• EXERCISE INSTRUCTIONS: Where the records hold the string "away", show the whole line it sits on.

• DATA FOR THIS TASK:
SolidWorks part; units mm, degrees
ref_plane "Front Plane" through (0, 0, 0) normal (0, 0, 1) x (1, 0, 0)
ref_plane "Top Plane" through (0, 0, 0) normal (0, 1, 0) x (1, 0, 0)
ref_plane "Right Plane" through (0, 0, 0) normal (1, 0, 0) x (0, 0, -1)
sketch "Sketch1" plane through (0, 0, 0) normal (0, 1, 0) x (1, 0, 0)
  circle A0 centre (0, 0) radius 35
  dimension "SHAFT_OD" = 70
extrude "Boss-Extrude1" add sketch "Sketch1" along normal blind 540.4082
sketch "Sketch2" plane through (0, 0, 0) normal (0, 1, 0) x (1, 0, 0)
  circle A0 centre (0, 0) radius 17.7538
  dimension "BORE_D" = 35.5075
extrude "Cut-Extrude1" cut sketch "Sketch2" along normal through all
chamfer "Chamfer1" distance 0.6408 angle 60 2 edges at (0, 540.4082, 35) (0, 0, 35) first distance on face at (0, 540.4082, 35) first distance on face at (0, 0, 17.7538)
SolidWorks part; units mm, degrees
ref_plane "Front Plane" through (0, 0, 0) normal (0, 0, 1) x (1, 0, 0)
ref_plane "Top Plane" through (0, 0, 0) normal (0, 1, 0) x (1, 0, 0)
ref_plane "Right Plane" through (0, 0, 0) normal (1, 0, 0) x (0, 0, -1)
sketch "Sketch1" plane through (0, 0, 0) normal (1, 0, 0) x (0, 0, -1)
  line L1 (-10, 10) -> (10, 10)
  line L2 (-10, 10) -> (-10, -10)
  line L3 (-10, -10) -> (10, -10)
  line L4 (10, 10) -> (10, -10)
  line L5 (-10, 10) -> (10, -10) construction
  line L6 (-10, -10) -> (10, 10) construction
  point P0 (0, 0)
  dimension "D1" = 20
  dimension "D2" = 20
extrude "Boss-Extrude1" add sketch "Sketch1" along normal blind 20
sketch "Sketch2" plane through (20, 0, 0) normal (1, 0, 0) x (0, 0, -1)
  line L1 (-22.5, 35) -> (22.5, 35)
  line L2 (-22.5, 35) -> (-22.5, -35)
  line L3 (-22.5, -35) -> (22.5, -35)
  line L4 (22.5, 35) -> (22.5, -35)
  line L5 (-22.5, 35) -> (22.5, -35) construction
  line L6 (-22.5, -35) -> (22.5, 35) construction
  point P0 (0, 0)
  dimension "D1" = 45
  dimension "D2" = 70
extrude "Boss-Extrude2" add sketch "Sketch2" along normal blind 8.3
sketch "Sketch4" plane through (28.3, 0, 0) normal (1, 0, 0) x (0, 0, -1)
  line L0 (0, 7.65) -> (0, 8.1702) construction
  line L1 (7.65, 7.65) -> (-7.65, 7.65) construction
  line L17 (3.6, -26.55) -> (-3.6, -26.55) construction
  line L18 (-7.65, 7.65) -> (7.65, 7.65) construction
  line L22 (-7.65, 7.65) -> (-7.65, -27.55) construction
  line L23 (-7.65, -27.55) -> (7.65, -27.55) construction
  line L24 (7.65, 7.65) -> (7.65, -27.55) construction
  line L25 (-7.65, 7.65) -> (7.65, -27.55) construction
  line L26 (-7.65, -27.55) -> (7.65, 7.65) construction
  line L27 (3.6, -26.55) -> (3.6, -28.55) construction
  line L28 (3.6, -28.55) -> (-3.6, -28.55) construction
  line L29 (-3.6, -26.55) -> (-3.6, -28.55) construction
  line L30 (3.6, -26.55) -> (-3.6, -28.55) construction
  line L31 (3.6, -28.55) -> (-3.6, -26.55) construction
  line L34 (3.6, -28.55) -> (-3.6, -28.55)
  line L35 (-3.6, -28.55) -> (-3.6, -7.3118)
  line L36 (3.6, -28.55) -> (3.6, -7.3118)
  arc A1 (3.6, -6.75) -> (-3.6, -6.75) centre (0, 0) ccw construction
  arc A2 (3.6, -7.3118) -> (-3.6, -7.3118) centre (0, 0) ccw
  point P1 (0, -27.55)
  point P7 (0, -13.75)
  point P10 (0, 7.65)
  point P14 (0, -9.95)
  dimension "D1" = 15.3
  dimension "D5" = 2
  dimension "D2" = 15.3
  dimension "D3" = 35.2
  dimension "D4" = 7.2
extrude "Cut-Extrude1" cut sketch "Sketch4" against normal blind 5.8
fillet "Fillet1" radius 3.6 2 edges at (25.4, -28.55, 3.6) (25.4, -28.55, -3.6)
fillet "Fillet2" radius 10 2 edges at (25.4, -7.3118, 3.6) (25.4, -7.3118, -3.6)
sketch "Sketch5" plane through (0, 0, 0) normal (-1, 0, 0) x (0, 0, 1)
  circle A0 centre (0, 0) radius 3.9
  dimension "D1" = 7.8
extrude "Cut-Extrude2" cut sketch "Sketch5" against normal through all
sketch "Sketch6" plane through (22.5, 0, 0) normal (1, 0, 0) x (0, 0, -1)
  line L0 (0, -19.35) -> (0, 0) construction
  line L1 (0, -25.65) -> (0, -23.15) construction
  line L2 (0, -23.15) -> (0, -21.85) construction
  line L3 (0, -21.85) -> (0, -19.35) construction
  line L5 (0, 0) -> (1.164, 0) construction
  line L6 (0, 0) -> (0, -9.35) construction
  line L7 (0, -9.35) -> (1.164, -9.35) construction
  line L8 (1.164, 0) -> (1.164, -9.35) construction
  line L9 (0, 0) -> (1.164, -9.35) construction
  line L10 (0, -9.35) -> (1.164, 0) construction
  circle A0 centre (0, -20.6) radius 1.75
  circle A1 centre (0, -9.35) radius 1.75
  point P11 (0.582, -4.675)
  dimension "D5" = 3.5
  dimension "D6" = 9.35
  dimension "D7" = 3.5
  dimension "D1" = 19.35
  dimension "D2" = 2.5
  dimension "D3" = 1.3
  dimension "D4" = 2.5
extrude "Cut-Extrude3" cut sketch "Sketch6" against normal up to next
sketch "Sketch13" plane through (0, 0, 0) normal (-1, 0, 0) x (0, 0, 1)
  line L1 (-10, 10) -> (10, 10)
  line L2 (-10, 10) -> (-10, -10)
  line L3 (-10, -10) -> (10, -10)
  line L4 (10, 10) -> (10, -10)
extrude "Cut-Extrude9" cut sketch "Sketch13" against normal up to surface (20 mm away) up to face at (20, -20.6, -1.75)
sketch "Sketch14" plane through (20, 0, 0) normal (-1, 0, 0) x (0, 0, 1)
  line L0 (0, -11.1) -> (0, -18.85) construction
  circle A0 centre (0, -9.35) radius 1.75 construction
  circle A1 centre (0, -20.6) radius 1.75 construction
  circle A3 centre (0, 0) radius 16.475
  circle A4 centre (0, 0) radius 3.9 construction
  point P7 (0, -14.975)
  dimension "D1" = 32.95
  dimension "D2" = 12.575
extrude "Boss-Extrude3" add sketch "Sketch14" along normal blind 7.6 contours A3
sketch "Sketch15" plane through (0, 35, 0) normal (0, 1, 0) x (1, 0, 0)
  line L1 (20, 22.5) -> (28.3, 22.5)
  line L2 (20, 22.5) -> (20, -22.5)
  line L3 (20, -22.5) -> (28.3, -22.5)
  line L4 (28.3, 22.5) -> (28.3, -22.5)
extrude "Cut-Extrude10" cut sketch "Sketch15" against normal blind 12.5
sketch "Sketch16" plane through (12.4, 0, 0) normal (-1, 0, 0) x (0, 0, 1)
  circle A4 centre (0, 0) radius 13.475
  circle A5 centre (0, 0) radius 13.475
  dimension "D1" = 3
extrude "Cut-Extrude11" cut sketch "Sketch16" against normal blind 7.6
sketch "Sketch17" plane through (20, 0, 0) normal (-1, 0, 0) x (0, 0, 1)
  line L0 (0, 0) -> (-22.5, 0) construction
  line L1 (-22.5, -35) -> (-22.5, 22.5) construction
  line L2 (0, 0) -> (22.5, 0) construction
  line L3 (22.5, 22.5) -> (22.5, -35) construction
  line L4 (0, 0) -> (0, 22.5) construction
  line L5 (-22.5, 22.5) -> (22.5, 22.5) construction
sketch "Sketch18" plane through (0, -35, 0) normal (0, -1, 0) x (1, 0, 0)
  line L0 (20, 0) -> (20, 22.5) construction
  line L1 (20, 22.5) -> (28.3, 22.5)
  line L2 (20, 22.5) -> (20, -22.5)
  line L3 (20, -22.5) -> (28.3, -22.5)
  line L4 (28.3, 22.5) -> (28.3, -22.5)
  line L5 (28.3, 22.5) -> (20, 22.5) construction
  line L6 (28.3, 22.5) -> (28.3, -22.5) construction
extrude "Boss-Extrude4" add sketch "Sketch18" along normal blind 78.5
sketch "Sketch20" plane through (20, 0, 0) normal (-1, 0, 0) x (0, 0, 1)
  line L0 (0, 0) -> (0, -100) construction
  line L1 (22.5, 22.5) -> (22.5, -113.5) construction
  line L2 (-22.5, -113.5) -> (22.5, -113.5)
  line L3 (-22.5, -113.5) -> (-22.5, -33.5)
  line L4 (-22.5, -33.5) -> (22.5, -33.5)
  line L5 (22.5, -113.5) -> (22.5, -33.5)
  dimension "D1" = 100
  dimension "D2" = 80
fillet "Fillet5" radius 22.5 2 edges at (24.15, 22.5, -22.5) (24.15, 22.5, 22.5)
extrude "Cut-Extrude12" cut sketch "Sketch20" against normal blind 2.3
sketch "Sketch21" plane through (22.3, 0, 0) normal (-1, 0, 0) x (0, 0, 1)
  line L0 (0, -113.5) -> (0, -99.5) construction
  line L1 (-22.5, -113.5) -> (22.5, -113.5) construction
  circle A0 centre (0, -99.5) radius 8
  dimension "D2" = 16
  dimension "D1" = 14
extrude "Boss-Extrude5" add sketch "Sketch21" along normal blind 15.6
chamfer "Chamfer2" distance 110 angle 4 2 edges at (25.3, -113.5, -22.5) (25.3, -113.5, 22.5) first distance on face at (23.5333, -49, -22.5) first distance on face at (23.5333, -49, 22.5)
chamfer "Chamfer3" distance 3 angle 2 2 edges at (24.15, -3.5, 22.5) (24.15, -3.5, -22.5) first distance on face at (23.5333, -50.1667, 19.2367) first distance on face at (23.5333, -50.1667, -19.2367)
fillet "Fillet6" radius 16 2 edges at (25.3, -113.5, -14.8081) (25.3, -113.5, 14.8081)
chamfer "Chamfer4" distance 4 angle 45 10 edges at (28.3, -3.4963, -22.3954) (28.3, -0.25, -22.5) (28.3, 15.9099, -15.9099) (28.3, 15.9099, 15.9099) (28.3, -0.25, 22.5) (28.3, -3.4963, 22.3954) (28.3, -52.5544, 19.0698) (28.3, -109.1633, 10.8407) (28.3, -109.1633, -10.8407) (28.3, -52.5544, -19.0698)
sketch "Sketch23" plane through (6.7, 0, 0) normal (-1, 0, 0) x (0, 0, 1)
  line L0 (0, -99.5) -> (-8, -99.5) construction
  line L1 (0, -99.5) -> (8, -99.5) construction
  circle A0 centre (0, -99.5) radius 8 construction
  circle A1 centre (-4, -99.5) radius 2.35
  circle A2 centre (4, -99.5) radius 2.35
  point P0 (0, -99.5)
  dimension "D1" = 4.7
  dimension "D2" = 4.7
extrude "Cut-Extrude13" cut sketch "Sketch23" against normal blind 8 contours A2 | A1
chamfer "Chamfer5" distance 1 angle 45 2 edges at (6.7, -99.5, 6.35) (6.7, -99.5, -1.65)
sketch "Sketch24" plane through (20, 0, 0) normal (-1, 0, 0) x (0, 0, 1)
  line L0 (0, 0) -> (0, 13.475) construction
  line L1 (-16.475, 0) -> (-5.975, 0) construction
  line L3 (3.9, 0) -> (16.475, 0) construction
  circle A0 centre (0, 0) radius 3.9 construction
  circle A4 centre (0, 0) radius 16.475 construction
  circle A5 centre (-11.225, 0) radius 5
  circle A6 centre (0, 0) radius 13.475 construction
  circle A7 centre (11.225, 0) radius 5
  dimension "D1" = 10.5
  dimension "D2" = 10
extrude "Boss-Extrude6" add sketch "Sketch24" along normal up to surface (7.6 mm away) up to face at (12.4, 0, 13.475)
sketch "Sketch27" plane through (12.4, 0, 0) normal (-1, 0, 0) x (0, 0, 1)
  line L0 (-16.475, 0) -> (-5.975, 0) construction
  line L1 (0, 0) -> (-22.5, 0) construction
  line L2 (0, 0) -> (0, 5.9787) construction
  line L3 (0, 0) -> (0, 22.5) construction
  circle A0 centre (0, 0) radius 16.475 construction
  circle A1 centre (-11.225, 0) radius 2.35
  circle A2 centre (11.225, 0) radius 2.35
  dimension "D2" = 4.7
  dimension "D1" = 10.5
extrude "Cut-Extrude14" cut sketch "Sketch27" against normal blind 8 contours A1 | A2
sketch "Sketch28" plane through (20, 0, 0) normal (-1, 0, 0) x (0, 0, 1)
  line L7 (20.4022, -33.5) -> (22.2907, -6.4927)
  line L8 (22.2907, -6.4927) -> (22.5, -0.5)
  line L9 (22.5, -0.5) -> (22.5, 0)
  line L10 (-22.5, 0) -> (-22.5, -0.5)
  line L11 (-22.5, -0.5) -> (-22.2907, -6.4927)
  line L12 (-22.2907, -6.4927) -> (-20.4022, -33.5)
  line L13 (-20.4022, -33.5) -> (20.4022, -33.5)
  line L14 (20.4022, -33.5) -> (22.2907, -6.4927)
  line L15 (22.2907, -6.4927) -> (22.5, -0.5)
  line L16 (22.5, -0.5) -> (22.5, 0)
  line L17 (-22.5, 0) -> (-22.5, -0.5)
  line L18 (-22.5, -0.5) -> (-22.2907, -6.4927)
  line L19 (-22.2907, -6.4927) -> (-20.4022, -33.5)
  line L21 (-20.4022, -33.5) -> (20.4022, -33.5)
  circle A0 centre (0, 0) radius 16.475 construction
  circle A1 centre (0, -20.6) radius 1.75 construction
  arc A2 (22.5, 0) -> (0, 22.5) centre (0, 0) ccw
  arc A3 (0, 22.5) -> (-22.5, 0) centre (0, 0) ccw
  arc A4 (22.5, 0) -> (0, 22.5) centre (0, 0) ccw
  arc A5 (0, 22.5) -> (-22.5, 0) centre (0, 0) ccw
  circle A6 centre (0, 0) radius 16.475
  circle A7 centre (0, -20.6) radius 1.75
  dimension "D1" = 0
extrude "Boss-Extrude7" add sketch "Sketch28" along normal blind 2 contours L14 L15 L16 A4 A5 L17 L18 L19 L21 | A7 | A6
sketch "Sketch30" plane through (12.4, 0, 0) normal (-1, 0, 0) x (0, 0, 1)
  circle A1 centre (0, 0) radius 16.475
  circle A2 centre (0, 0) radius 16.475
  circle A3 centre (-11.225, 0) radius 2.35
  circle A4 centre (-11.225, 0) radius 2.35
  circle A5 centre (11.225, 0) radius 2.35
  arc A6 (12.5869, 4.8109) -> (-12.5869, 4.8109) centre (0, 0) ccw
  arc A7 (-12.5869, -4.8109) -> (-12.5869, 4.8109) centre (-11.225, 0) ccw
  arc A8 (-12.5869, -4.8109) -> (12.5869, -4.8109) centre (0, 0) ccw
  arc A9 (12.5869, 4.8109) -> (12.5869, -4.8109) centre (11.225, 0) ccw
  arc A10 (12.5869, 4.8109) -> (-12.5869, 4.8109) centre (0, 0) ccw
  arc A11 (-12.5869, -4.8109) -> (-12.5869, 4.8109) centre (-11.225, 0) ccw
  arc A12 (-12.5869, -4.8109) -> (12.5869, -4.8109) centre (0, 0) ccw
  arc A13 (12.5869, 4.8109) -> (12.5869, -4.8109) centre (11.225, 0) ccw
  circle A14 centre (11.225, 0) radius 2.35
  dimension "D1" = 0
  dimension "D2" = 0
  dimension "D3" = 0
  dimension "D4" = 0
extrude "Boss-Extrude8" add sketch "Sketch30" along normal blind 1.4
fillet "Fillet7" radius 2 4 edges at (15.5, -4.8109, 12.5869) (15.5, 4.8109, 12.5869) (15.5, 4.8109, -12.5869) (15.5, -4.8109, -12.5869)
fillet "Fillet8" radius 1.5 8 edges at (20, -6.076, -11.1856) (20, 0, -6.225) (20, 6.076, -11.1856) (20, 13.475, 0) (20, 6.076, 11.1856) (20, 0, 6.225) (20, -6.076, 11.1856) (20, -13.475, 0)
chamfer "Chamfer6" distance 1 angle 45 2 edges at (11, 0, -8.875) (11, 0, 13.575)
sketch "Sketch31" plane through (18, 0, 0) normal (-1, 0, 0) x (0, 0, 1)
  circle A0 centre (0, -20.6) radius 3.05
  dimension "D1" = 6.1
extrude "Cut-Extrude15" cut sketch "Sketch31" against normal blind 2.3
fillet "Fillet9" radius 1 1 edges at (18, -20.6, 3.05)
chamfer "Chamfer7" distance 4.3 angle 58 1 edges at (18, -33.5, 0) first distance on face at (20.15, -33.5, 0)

• EXPECTED OUTPUT:
extrude "Cut-Extrude9" cut sketch "Sketch13" against normal up to surface (20 mm away) up to face at (20, -20.6, -1.75)
extrude "Boss-Extrude6" add sketch "Sketch24" along normal up to surface (7.6 mm away) up to face at (12.4, 0, 13.475)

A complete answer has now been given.